THE DATA: Begin
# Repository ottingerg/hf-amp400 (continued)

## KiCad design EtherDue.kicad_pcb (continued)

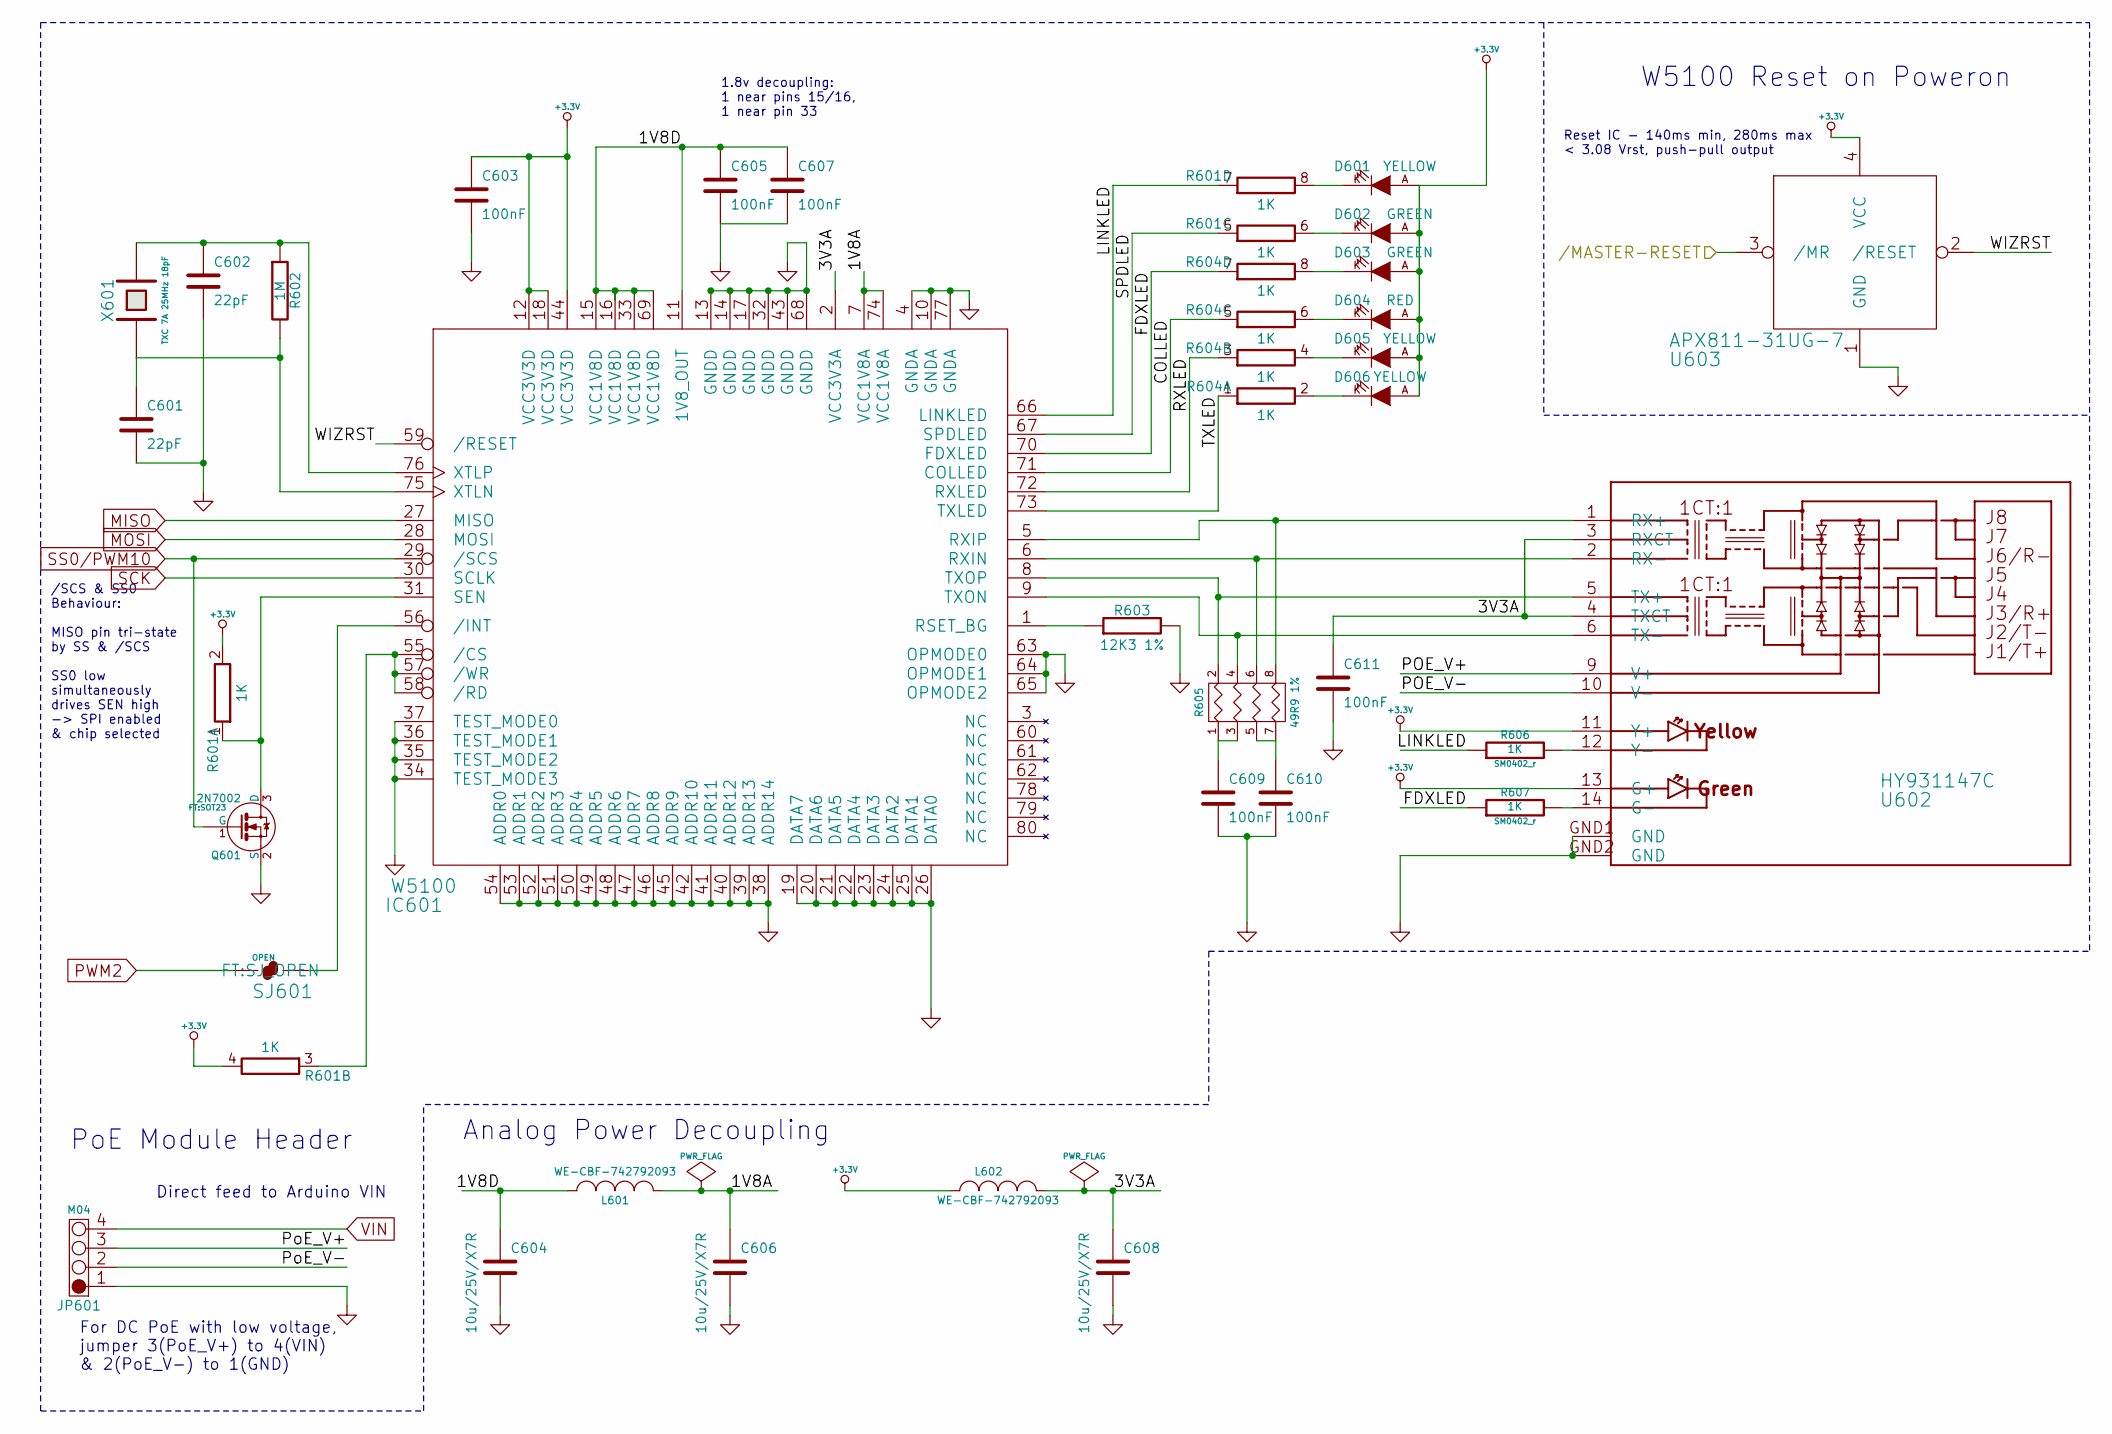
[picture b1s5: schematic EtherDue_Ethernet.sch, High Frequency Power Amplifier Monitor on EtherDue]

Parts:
C601, C602: 22pF; SM0402
C603, C605, C607, C609, C610, C611: 100nF; SM0402
C604, C606, C608: 10u/25V/X7R; SMD-1206_Pol
D601, D605, D606: YELLOW; LED-0603
D602, D603: GREEN; LED-0603
D604: RED; LED-0603
IC601: W5100; SQFP80
JP601: M04; FT-POE-MODULE-NOOUTLINE
L601, L602: WE-CBF-742792093; 0805
Q601: 2N7002; SOT23
R601, R604: 1K; RES_CAY16
R602: 1M; SM0402_r
R603: 12K3 1%; SM0402_r
R605: 49R9 1%; RES_CAY16
R606, R607: 1K; SM0402_r
SJ601: OPEN; SJ_OPEN
U602: HY931147C
U603: APX811-31UG-7; SOT143-R
X601: TXC 7A 25MHz 18pF; TXC_7A

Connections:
+3.3V: C603.1, D601.A, D602.A, D603.A, D604.A, D605.A, D606.A, IC601.12 (VCC3V3D), IC601.18 (VCC3V3D), IC601.44 (VCC3V3D), L602.1, R601.2 (8), R601.4 (8), U602.11 (Y+), U602.13 (G+), U603.4 (VCC); also elsewhere on the board
/Connectors//MASTER-RESET: U603.3 (/MR); also elsewhere on the board
/Ethernet/1V8A: C606.1, IC601.7 (VCC1V8A), IC601.74 (VCC1V8A), L601.2
/Ethernet/1V8D: C604.1, C605.1, C607.1, IC601.11 (1V8_OUT), IC601.15 (VCC1V8D), IC601.16 (VCC1V8D), IC601.33 (VCC1V8D), IC601.69 (VCC1V8D), L601.1
/Ethernet/3V3A: C608.1, C611.1, IC601.2 (VCC3V3A), L602.2, U602.3 (RXCT), U602.4 (TXCT)
/Ethernet/COLLED: IC601.71 (COLLED), R604.5 (7)
/Ethernet/FDXLED: IC601.70 (FDXLED), R604.7, R607.1
/Ethernet/LINKLED: IC601.66 (LINKLED), R601.7, R606.1
/Ethernet/POE_V+: JP601.3, U602.9 (V+)
/Ethernet/POE_V-: JP601.2, U602.10 (V-)
/Ethernet/RXLED: IC601.72 (RXLED), R604.3 (7)
/Ethernet/SPDLED: IC601.67 (SPDLED), R601.5 (7)
/Ethernet/TXLED: IC601.73 (TXLED), R604.1 (7)
/Ethernet/WIZRST: IC601.59 (/RESET), U603.2 (/RESET)
MISO: IC601.27 (MISO); also elsewhere on the board
MOSI: IC601.28 (MOSI); also elsewhere on the board
unnamed: C601.1, IC601.75 (XTLN), R602.2, X601.1
unnamed: C602.1, IC601.76 (XTLP), R602.1, X601.2
unnamed: C609.1, R605.1, R605.3 (P2)
unnamed: C610.1, R605.5 (P3), R605.7 (P4)
unnamed: D601.K, R601.8
unnamed: D602.K, R601.6 (8)
unnamed: D603.K, R604.8
unnamed: D604.K, R604.6 (8)
unnamed: D605.K, R604.4 (8)
unnamed: D606.K, R604.2 (8)
unnamed: IC601.1 (RSET_BG), R603.1
unnamed: IC601.5 (RXIP), R605.8 (R4), U602.1 (RX+)
unnamed: IC601.6 (RXIN), R605.6 (R3), U602.2 (RX-)
unnamed: IC601.8 (TXOP), R605.2 (R1), U602.5 (TX+)
unnamed: IC601.9 (TXON), R605.4 (R1), U602.6 (TX-)
unnamed: IC601.31 (SEN), Q601.3 (D), R601.1 (7)
unnamed: IC601.55 (/CS), IC601.57 (/WR), IC601.58 (/RD), R601.3 (7)
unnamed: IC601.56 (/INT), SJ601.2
THE DATA: End
*WHAT IS BEING ASKED*: Could you copy exactly the lines from the one containing "(RXLED), R604.3 (7)" through the end of the records above, and nothing more?

*EXPECTED OUTPUT*:
/Ethernet/RXLED: IC601.72 (RXLED), R604.3 (7)
/Ethernet/SPDLED: IC601.67 (SPDLED), R601.5 (7)
/Ethernet/TXLED: IC601.73 (TXLED), R604.1 (7)
/Ethernet/WIZRST: IC601.59 (/RESET), U603.2 (/RESET)
MISO: IC601.27 (MISO); also elsewhere on the board
MOSI: IC601.28 (MOSI); also elsewhere on the board
unnamed: C601.1, IC601.75 (XTLN), R602.2, X601.1
unnamed: C602.1, IC601.76 (XTLP), R602.1, X601.2
unnamed: C609.1, R605.1, R605.3 (P2)
unnamed: C610.1, R605.5 (P3), R605.7 (P4)
unnamed: D601.K, R601.8
unnamed: D602.K, R601.6 (8)
unnamed: D603.K, R604.8
unnamed: D604.K, R604.6 (8)
unnamed: D605.K, R604.4 (8)
unnamed: D606.K, R604.2 (8)
unnamed: IC601.1 (RSET_BG), R603.1
unnamed: IC601.5 (RXIP), R605.8 (R4), U602.1 (RX+)
unnamed: IC601.6 (RXIN), R605.6 (R3), U602.2 (RX-)
unnamed: IC601.8 (TXOP), R605.2 (R1), U602.5 (TX+)
unnamed: IC601.9 (TXON), R605.4 (R1), U602.6 (TX-)
unnamed: IC601.31 (SEN), Q601.3 (D), R601.1 (7)
unnamed: IC601.55 (/CS), IC601.57 (/WR), IC601.58 (/RD), R601.3 (7)
unnamed: IC601.56 (/INT), SJ601.2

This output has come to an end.